Segundo entendemos, o conceito da palavra caridade, na visão espírita, é idêntico ao entendimento que Jesus tinha com respeito ao mesmo assunto.

Na questão n. 886 d´O Livro dos Espíritos, Allan Kardec indagou:

- Qual o verdadeiro sentido da palavra caridade, como a entendia Jesus?

Resposta dos benfeitores espirituais: “Benevolência para com todos, indulgência para as imperfeições dos outros, perdão das ofensas”.

Em nota colocada em seguida à questão citada, Kardec diz que o amor e a caridade são o complemento da lei de justiça, visto que amar o próximo é fazer-lhe todo o bem que nos seja possível e que desejamos nos seja feito. Esse – segundo ele – é o sentido da conhecida frase de Jesus: “Amai-vos uns aos outros como irmãos”.

Com efeito, a caridade, na visão cristã, não se restringe à esmola e abrange todas as relações em que nos achamos com os nossos semelhantes, sejam eles inferiores, iguais ou superiores a nós.

Ela nos prescreve também a indulgência, porque de indulgência nós também precisamos, e nos proíbe que humilhemos os desafortunados, contrariamente ao que se costuma fazer.

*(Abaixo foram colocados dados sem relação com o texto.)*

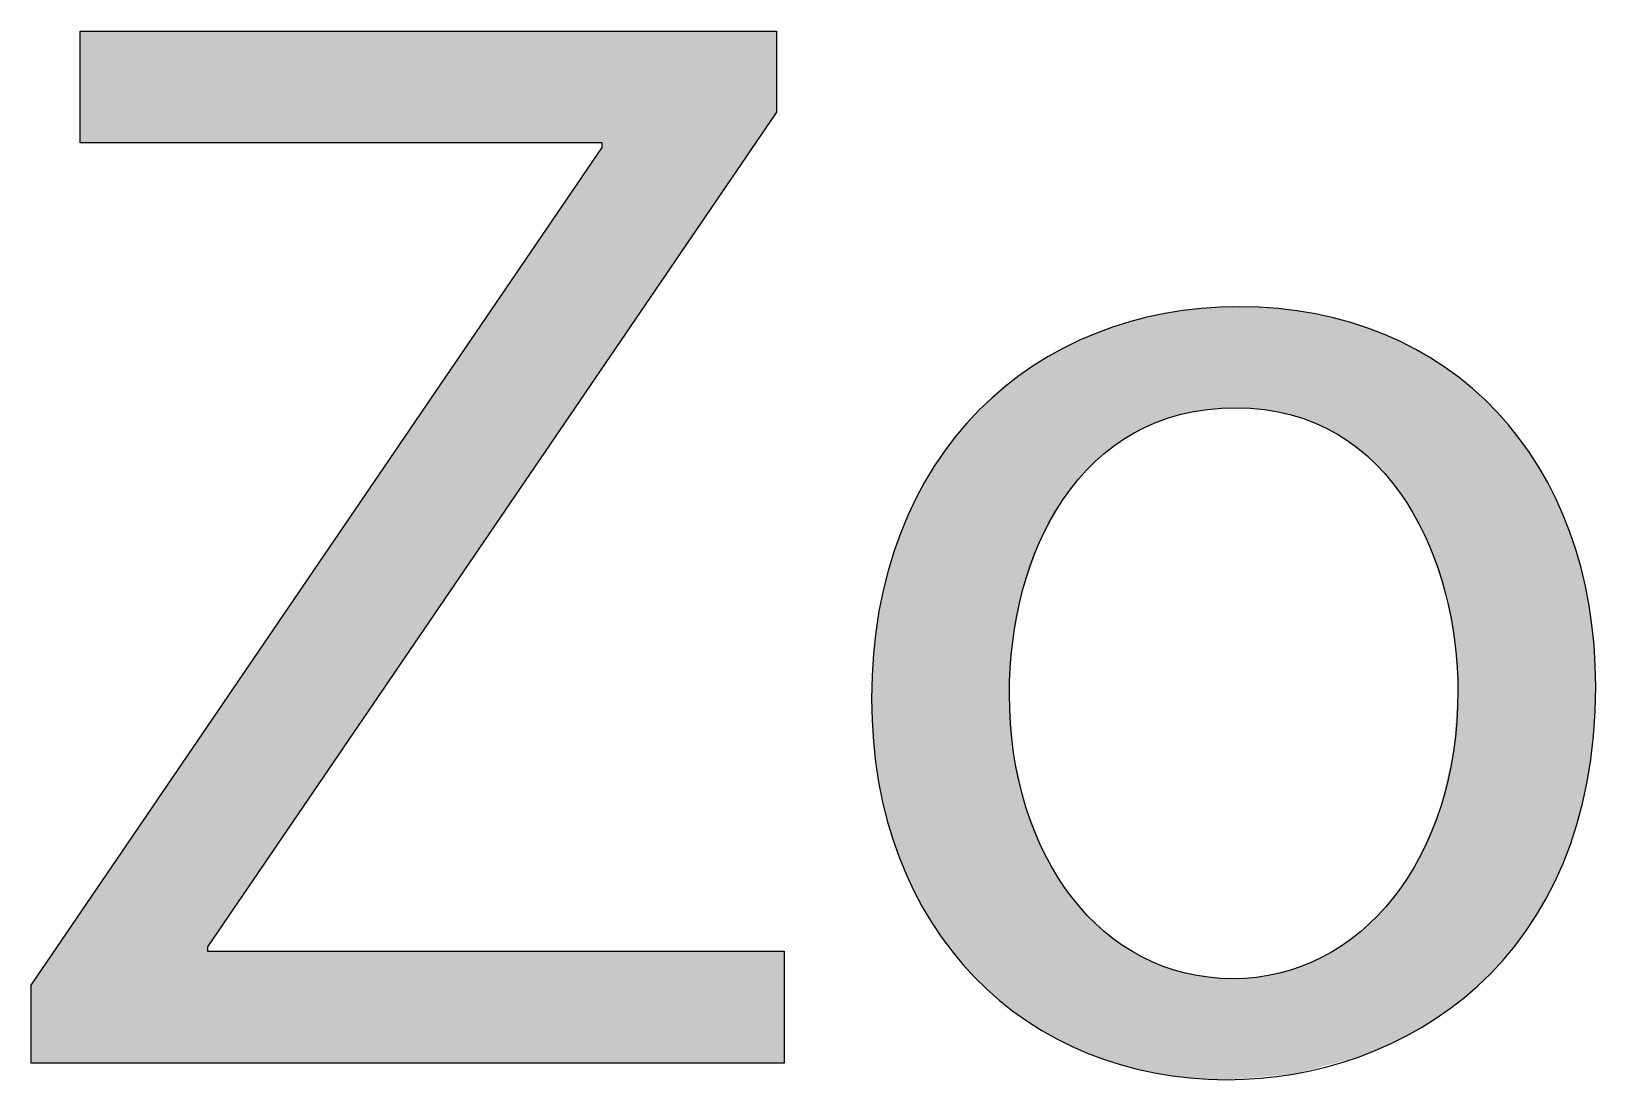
# Model space of a CAD drawing. Extents: x 0 to 360, y -268 to 0.
# Drawn here: x 231.872 to 234.937, y -215.232 to -213.179 of the extents above; entities that cross this region are included whole.
import ezdxf

# ---------------------------------------------------------------- set-up
doc = ezdxf.new("R2010")
doc.units = 0
doc.layers.add('LAYER_1', color=7, linetype='CONTINUOUS')

# ---------------------------------------------------------------- blocks, each defined once
blk = doc.blocks.new('*U423')
at = {"layer": 'LAYER_1', "color": 250}
for points in [[(231.9683, -213.3975), (231.9683, -213.1791), (232.2177, -213.3975)], [(232.2177, -213.3975), (231.9683, -213.1791), (232.2177, -213.1791)], [(232.2177, -213.3975), (232.2177, -213.1791), (232.9908, -213.3975)], [(232.9908, -213.3975), (232.2177, -213.1791), (232.9908, -213.1791)], [(233.3325, -213.3375), (232.9908, -213.1791), (233.3325, -213.1791)], [(232.2177, -214.9719), (232.2177, -214.5406), (232.9908, -213.8386)], [(232.2177, -215.2), (231.9683, -214.9065), (232.2177, -214.5406)], [(231.9683, -215.2), (231.8725, -215.047), (231.9683, -214.9065)], [(232.2177, -215.2), (232.2177, -214.9808), (232.9908, -215.2)], [(232.9908, -215.2), (232.2177, -214.9808), (232.9908, -214.9808)], [(232.9908, -215.2), (232.9908, -214.9808), (233.3325, -215.2)], [(233.3325, -215.2), (232.9908, -214.9808), (233.3325, -214.9808)]]:
    blk.add_solid(points, dxfattribs=at)
at = {"layer": 'LAYER_1', "color": 250, "extrusion": (0, 0, -1)}
for points in [[(-232.9908, -213.8386), (-232.9908, -213.1791), (-233.3325, -213.3375)], [(-232.9908, -213.8386), (-232.2177, -214.5406), (-232.9908, -213.4064)], [(-231.9683, -215.2), (-231.9683, -214.9065), (-232.2177, -215.2)], [(-233.3325, -215.2), (-233.3325, -214.9808), (-233.3477, -215.2)], [(-233.3477, -215.2), (-233.3325, -214.9808), (-233.3477, -214.9808)], [(-231.8725, -215.2), (-231.8725, -215.047), (-231.9683, -215.2)]]:
    blk.add_solid(points, dxfattribs=at)
blk = doc.blocks.new('*U424')
at = {"layer": 'LAYER_1', "color": 250}
for points in [[(234.0768, -213.9447), (234.0726, -213.7366), (234.0768, -213.7356)], [(234.0901, -213.9404), (234.0768, -213.7356), (234.0901, -213.7324)], [(234.0931, -213.9394), (234.0901, -213.7324), (234.0931, -213.7317)], [(234.1247, -213.9292), (234.0931, -213.7317), (234.1247, -213.7274)], [(234.1334, -213.9276), (234.1247, -213.7274), (234.1334, -213.7262)], [(234.1424, -213.9259), (234.1334, -213.7262), (234.1424, -213.725)], [(234.1648, -213.9218), (234.1424, -213.725), (234.1648, -213.7219)], [(234.1765, -213.9196), (234.1648, -213.7219), (234.1765, -213.7214)], [(234.1788, -213.9195), (234.1765, -213.7214), (234.1788, -213.7212)], [(234.2145, -213.9174), (234.1788, -213.7212), (234.2145, -213.7196)], [(234.2262, -213.9167), (234.2145, -213.7196), (234.2262, -213.7191)], [(234.2324, -213.9163), (234.2262, -213.7191), (234.2324, -213.7188)], [(234.2386, -213.9167), (234.2324, -213.7188), (234.2386, -213.7186)], [(234.2324, -213.9163), (234.2324, -213.7188), (234.2386, -213.9167)], [(234.2386, -213.9167), (234.2386, -213.7186), (234.2727, -213.9188)], [(234.2727, -213.9188), (234.2727, -213.7201), (234.2886, -213.9198)], [(234.2886, -213.9198), (234.2886, -213.7209), (234.315, -213.925)], [(234.315, -213.925), (234.315, -213.7221), (234.3175, -213.9255)], [(234.3175, -213.9255), (234.3175, -213.7224), (234.3405, -213.9301)], [(234.3405, -213.9301), (234.3405, -213.7257), (234.3454, -213.9318)], [(234.3454, -213.9318), (234.3454, -213.7264), (234.3605, -213.9369)], [(234.3605, -213.9369), (234.3605, -213.7285), (234.3881, -213.9464)], [(234.3881, -213.9464), (234.3881, -213.7324), (234.3882, -213.9464)], [(234.3882, -213.9464), (234.3882, -213.7324), (234.4015, -213.9531)], [(234.4015, -213.9531), (234.4015, -213.7357), (234.4317, -213.9684)], [(233.9745, -214.0066), (233.9578, -213.7706), (233.9745, -213.7649)], [(233.9927, -213.9914), (233.9745, -213.7649), (233.9927, -213.7587)], [(234.0054, -213.9832), (233.9927, -213.7587), (234.0054, -213.7543)], [(234.0105, -213.98), (234.0054, -213.7543), (234.0105, -213.7526)], [(234.024, -213.9713), (234.0105, -213.7526), (234.024, -213.748)], [(234.0328, -213.9656), (234.024, -213.748), (234.0328, -213.7459)], [(234.0491, -213.9578), (234.0328, -213.7459), (234.0491, -213.7421)], [(234.0726, -213.9467), (234.0491, -213.7421), (234.0726, -213.7366)], [(234.4317, -213.9684), (234.4317, -213.7431), (234.4402, -213.9742)], [(234.4402, -213.9742), (234.4402, -213.7451), (234.4576, -213.9861)], [(234.4576, -213.9861), (234.4576, -213.7494), (234.4712, -213.9954)], [(234.4712, -213.9954), (234.4712, -213.7542), (234.4742, -213.998)], [(234.4742, -213.998), (234.4742, -213.7553), (234.4765, -214.0001)], [(234.4765, -214.0001), (234.4765, -213.7561), (234.5068, -214.027)], [(233.9108, -214.0733), (233.8948, -213.7993), (233.9108, -213.792)], [(233.9237, -214.0563), (233.9108, -213.792), (233.9237, -213.7861)], [(233.9412, -214.0378), (233.9237, -213.7861), (233.9412, -213.7781)], [(233.9563, -214.0218), (233.9412, -213.7781), (233.9563, -213.7712)], [(233.9412, -214.0378), (233.9412, -213.7781), (233.9412, -213.7781)], [(233.9578, -214.0206), (233.9563, -213.7712), (233.9578, -213.7706)], [(234.5068, -214.027), (234.5068, -213.7669), (234.5103, -214.0308)], [(234.5103, -214.0308), (234.5103, -213.7681), (234.5233, -214.0454)], [(234.5233, -214.0454), (234.5233, -213.7727), (234.5363, -214.0599)], [(234.5363, -214.0599), (234.5363, -213.7789), (234.5386, -214.0625)], [(234.5386, -214.0625), (234.5386, -213.78), (234.5412, -214.0662)], [(234.5412, -214.0662), (234.5412, -213.7813), (234.5666, -214.1014)], [(234.5666, -214.1014), (234.5666, -213.7934), (234.5693, -214.1065)], [(234.5693, -214.1065), (234.5693, -213.7946), (234.585, -214.1366)], [(233.8477, -214.1798), (233.8355, -213.8341), (233.8477, -213.8269)], [(233.8591, -214.159), (233.8477, -213.8269), (233.8591, -213.8202)], [(233.8803, -214.1207), (233.8591, -213.8202), (233.8803, -213.8078)], [(233.8834, -214.1151), (233.8803, -213.8078), (233.8834, -213.806)], [(233.8948, -214.0944), (233.8834, -213.806), (233.8948, -213.7993)], [(233.8948, -214.0944), (233.8948, -213.7993), (233.8948, -213.7993)], [(234.585, -214.1366), (234.585, -213.8022), (234.5941, -214.1539)], [(234.5941, -214.1539), (234.5941, -213.8078), (234.5961, -214.1576)], [(234.5961, -214.1576), (234.5961, -213.809), (234.6117, -214.1874)], [(234.6117, -214.1874), (234.6117, -213.8186), (234.6337, -214.2529)], [(233.8146, -214.2744), (233.7969, -213.8624), (233.8146, -213.8494)], [(233.8208, -214.2567), (233.8146, -213.8494), (233.8208, -213.8448)], [(233.8229, -214.2506), (233.8208, -213.8448), (233.8229, -213.8433)], [(233.8355, -214.2147), (233.8229, -213.8433), (233.8355, -213.8341)], [(234.6337, -214.2529), (234.6337, -213.8321), (234.6425, -214.2791)], [(234.6425, -214.2791), (234.6425, -213.8375), (234.643, -214.2805)], [(234.643, -214.2805), (234.643, -213.8379), (234.653, -214.3328)], [(234.653, -214.3328), (234.653, -213.8456), (234.6586, -214.3623)], [(234.6586, -214.3623), (234.6586, -213.8499), (234.6612, -214.3765)], [(234.6612, -214.3765), (234.6612, -213.852), (234.6672, -214.471)], [(233.7695, -215.077), (233.729, -213.9212), (233.7695, -213.8844)], [(233.7801, -215.085), (233.7695, -213.8844), (233.7801, -213.8748)], [(233.7695, -215.077), (233.7695, -213.8844), (233.7801, -215.085)], [(233.7887, -215.0915), (233.7801, -213.8748), (233.7887, -213.8684)], [(233.7801, -215.085), (233.7801, -213.8748), (233.7887, -215.0915)], [(233.7951, -214.3747), (233.7887, -213.8684), (233.7951, -213.8637)], [(233.7969, -214.3654), (233.7951, -213.8637), (233.7969, -213.8624)], [(233.7203, -215.0313), (233.6826, -213.9734), (233.7203, -213.931)], [(233.729, -215.0394), (233.7203, -213.931), (233.729, -213.9212)], [(233.7203, -215.0313), (233.7203, -213.931), (233.729, -215.0394)], [(233.729, -215.0394), (233.729, -213.9212), (233.7695, -215.077)], [(233.6826, -214.9881), (233.6757, -213.983), (233.6826, -213.9734)], [(233.6826, -214.9881), (233.6826, -213.9734), (233.7203, -215.0313)], [(233.6757, -214.9802), (233.6412, -214.031), (233.6757, -213.983)], [(233.6757, -214.9802), (233.6757, -213.983), (233.6826, -214.9881)], [(233.6359, -214.9239), (233.6052, -214.0941), (233.6359, -214.0402)], [(233.6412, -214.9314), (233.6359, -214.0402), (233.6412, -214.031)], [(233.6359, -214.9239), (233.6359, -214.0402), (233.6412, -214.9314)], [(233.6412, -214.9314), (233.6412, -214.031), (233.6757, -214.9802)], [(233.6014, -214.8625), (233.575, -214.1624), (233.6014, -214.1026)], [(233.6052, -214.8693), (233.6014, -214.1026), (233.6052, -214.0941)], [(233.6014, -214.8625), (233.6014, -214.1026), (233.6052, -214.8693)], [(233.6052, -214.8693), (233.6052, -214.0941), (233.6359, -214.9239)], [(233.575, -214.8021), (233.5725, -214.1701), (233.575, -214.1624)], [(233.575, -214.8021), (233.575, -214.1624), (233.6014, -214.8625)], [(233.5725, -214.7963), (233.5508, -214.2359), (233.5725, -214.1701)], [(233.5725, -214.7963), (233.5725, -214.1701), (233.575, -214.8021)], [(233.5494, -214.7254), (233.5331, -214.3145), (233.5494, -214.2424)], [(233.5508, -214.7299), (233.5494, -214.2424), (233.5508, -214.2359)], [(233.5494, -214.7254), (233.5494, -214.2424), (233.5508, -214.7299)], [(233.5508, -214.7299), (233.5508, -214.2359), (233.5725, -214.7963)], [(233.5331, -214.6529), (233.5325, -214.3196), (233.5331, -214.3145)], [(233.5331, -214.6529), (233.5331, -214.3145), (233.5494, -214.7254)], [(233.5325, -214.6499), (233.5223, -214.3979), (233.5325, -214.3196)], [(233.5325, -214.6499), (233.5325, -214.3196), (233.5331, -214.6529)], [(233.5221, -214.5701), (233.5186, -214.4861), (233.5221, -214.402)], [(233.5223, -214.5715), (233.5221, -214.402), (233.5223, -214.3979)], [(233.5221, -214.5701), (233.5221, -214.402), (233.5223, -214.5715)], [(233.5223, -214.5715), (233.5223, -214.3979), (233.5325, -214.6499)], [(234.6672, -215.0807), (234.6612, -214.5521), (234.6672, -214.471)], [(233.7887, -215.0915), (233.7887, -214.4772), (233.7951, -215.0963)], [(234.6612, -215.0856), (234.6586, -214.5892), (234.6612, -214.5521)], [(233.7951, -215.0963), (233.7951, -214.5668), (233.7969, -215.0977)], [(233.7969, -215.0977), (233.7969, -214.5923), (233.8146, -215.111)], [(234.6586, -215.0878), (234.653, -214.6135), (234.6586, -214.5892)], [(234.653, -215.0924), (234.643, -214.6567), (234.653, -214.6135)], [(233.8146, -215.111), (233.8146, -214.6708), (233.8208, -215.1156)], [(234.6425, -215.0993), (234.6337, -214.6971), (234.6425, -214.6588)], [(234.643, -215.099), (234.6425, -214.6588), (234.643, -214.6567)], [(233.8208, -215.1156), (233.8208, -214.6983), (233.8229, -215.1172)], [(233.8229, -215.1172), (233.8229, -214.7035), (233.8355, -215.1248)], [(234.6337, -215.1052), (234.6117, -214.7505), (234.6337, -214.6971)], [(233.8355, -215.1248), (233.8355, -214.7345), (233.8477, -215.1321)], [(233.8477, -215.1321), (233.8477, -214.7647), (233.8591, -215.139)], [(234.6117, -215.1198), (234.5961, -214.7884), (234.6117, -214.7505)], [(233.8591, -215.139), (233.8591, -214.7931), (233.8803, -215.1517)], [(234.5941, -215.1312), (234.585, -214.8088), (234.5941, -214.7931)], [(234.5961, -215.1301), (234.5941, -214.7931), (234.5961, -214.7884)], [(233.8803, -215.1517), (233.8803, -214.8303), (233.8834, -215.1532)], [(233.8834, -215.1532), (233.8834, -214.8358), (233.8948, -215.1585)], [(234.5693, -215.1443), (234.5666, -214.8399), (234.5693, -214.8361)], [(234.585, -215.136), (234.5693, -214.8361), (234.585, -214.8088)], [(233.8948, -215.1585), (233.8948, -214.8521), (233.8948, -215.1585)], [(233.8948, -215.1585), (233.8948, -214.8522), (233.9108, -215.166)], [(234.5666, -215.1458), (234.5412, -214.8755), (234.5666, -214.8399)], [(233.9108, -215.166), (233.9108, -214.875), (233.9237, -215.1721)], [(233.9237, -215.1721), (233.9237, -214.8901), (233.9412, -215.1803)], [(234.5233, -215.1671), (234.5103, -214.9111), (234.5233, -214.8961)], [(234.5363, -215.1618), (234.5233, -214.8961), (234.5363, -214.8812)], [(234.5386, -215.1606), (234.5363, -214.8812), (234.5386, -214.8786)], [(234.5412, -215.1592), (234.5386, -214.8786), (234.5412, -214.8755)], [(233.9412, -215.1803), (233.9412, -214.9105), (233.9412, -215.1803)], [(233.9412, -215.1803), (233.9412, -214.9105), (233.9563, -215.1856)], [(233.9563, -215.1856), (233.9563, -214.9248), (233.9578, -215.1861)], [(233.9578, -215.1861), (233.9578, -214.9261), (233.9745, -215.192)], [(234.5068, -215.174), (234.4765, -214.9426), (234.5068, -214.9143)], [(234.5103, -215.1725), (234.5068, -214.9143), (234.5103, -214.9111)], [(233.9745, -215.192), (233.9745, -214.942), (233.9927, -215.1983)], [(233.9927, -215.1983), (233.9927, -214.9558), (234.0054, -215.2028)], [(234.4576, -215.1918), (234.4402, -214.9698), (234.4576, -214.9567)], [(234.4712, -215.1882), (234.4576, -214.9567), (234.4712, -214.9465)], [(234.4742, -215.1875), (234.4712, -214.9465), (234.4742, -214.9443)], [(234.4765, -215.1865), (234.4742, -214.9443), (234.4765, -214.9426)], [(234.0054, -215.2028), (234.0054, -214.9654), (234.0105, -215.204)], [(234.0105, -215.204), (234.0105, -214.9693), (234.024, -215.2073)], [(234.024, -215.2073), (234.024, -214.9773), (234.0328, -215.2094)], [(234.0328, -215.2094), (234.0328, -214.9825), (234.0491, -215.2134)], [(234.0491, -215.2134), (234.0491, -214.9922), (234.0726, -215.2191)], [(234.4015, -215.2065), (234.3882, -214.9984), (234.4015, -214.9926)], [(234.4317, -215.1986), (234.4015, -214.9926), (234.4317, -214.9748)], [(234.4402, -215.1964), (234.4317, -214.9748), (234.4402, -214.9698)], [(234.0726, -215.2191), (234.0726, -215.0026), (234.0768, -215.2197)], [(234.0768, -215.2197), (234.0768, -215.0045), (234.0901, -215.2216)], [(234.0901, -215.2216), (234.0901, -215.0104), (234.0931, -215.222)], [(234.0931, -215.222), (234.0931, -215.0113), (234.1247, -215.2265)], [(234.1247, -215.2265), (234.1247, -215.021), (234.1334, -215.2277)], [(234.3405, -215.2217), (234.3175, -215.0238), (234.3405, -215.0168)], [(234.3454, -215.2213), (234.3405, -215.0168), (234.3454, -215.0153)], [(234.3605, -215.2173), (234.3454, -215.0153), (234.3605, -215.0106)], [(234.3881, -215.2101), (234.3605, -215.0106), (234.3881, -214.9985)], [(234.3882, -215.21), (234.3881, -214.9985), (234.3882, -214.9984)], [(234.1334, -215.2277), (234.1334, -215.0237), (234.1424, -215.229)], [(234.1424, -215.229), (234.1424, -215.0253), (234.1648, -215.23)], [(234.1648, -215.23), (234.1648, -215.0293), (234.1765, -215.2306)], [(234.1765, -215.2306), (234.1765, -215.0314), (234.1788, -215.2307)], [(234.1788, -215.2307), (234.1788, -215.0318), (234.2145, -215.2323)], [(234.2324, -215.2308), (234.2262, -215.0346), (234.2324, -215.0342)], [(234.2386, -215.2303), (234.2324, -215.0342), (234.2386, -215.0339)], [(234.2727, -215.2274), (234.2386, -215.0339), (234.2727, -215.0319)], [(234.2886, -215.2261), (234.2727, -215.0319), (234.2886, -215.029)], [(234.315, -215.2238), (234.2886, -215.029), (234.315, -215.0243)], [(234.3175, -215.2236), (234.315, -215.0243), (234.3175, -215.0238)]]:
    blk.add_solid(points, dxfattribs=at)
at = {"layer": 'LAYER_1', "color": 250, "extrusion": (0, 0, -1)}
for points in [[(-234.0768, -213.9447), (-234.0768, -213.7356), (-234.0901, -213.9404)], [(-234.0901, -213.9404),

Se se apresenta diante de nós uma pessoa rica ou famosa, todas as atenções e deferências lhe são dispensadas, diferentemente do que ocorre se ela for uma pessoa sem recursos ou destituída de fama.

Ora, quanto mais lastimosa for a sua posição, tanto maior cuidado devemos ter em não lhe aumentarmos o infortúnio pela humilhação, porquanto o homem verdadeiramente bom procura elevar, aos seus próprios olhos, aquele que lhe é supostamente inferior, diminuindo a distância que os separa.

A caridade, como se vê, pode ser feita de várias formas: por pensamentos, por palavras e por ações, e se disfarça de mil modos.

Podemos ser caridosos mesmo com os parentes e com os amigos, sendo indulgentes uns com os outros, perdoando-se mutuamente as fraquezas, cuidando para não ferir o amor-próprio de ninguém.

Importante também que lembremos uma conhecida advertência de Jesus relativamente à caridade material. Disse-nos o Mestre: “Quando derdes esmola, não saiba a vossa mão esquerda o que faz a vossa mão direita; a fim de que a esmola fique em segredo, e vosso Pai, que vê o que se passa em segredo, vos recompensará”.

Tais palavras significam que o bem que praticamos não deve ser divulgado nem constituir motivo de orgulho para aquele que o pratica.

Segundo o Espiritismo, fazer o bem sem ostentação e ocultar a mão que dá constituem marca incontestável de grande superioridade moral, visto que, agindo assim, a pessoa renuncia à satisfação que advém do testemunho dos homens e espera tão-somente a aprovação de Deus. E tal ação se revela ainda mais sublime quando o benfeitor, invertendo os papéis, acha meios de parecer ser ele o beneficiado diante daquele a quem presta serviço, algo que Cairbar Schutel sabia fazer como ninguém.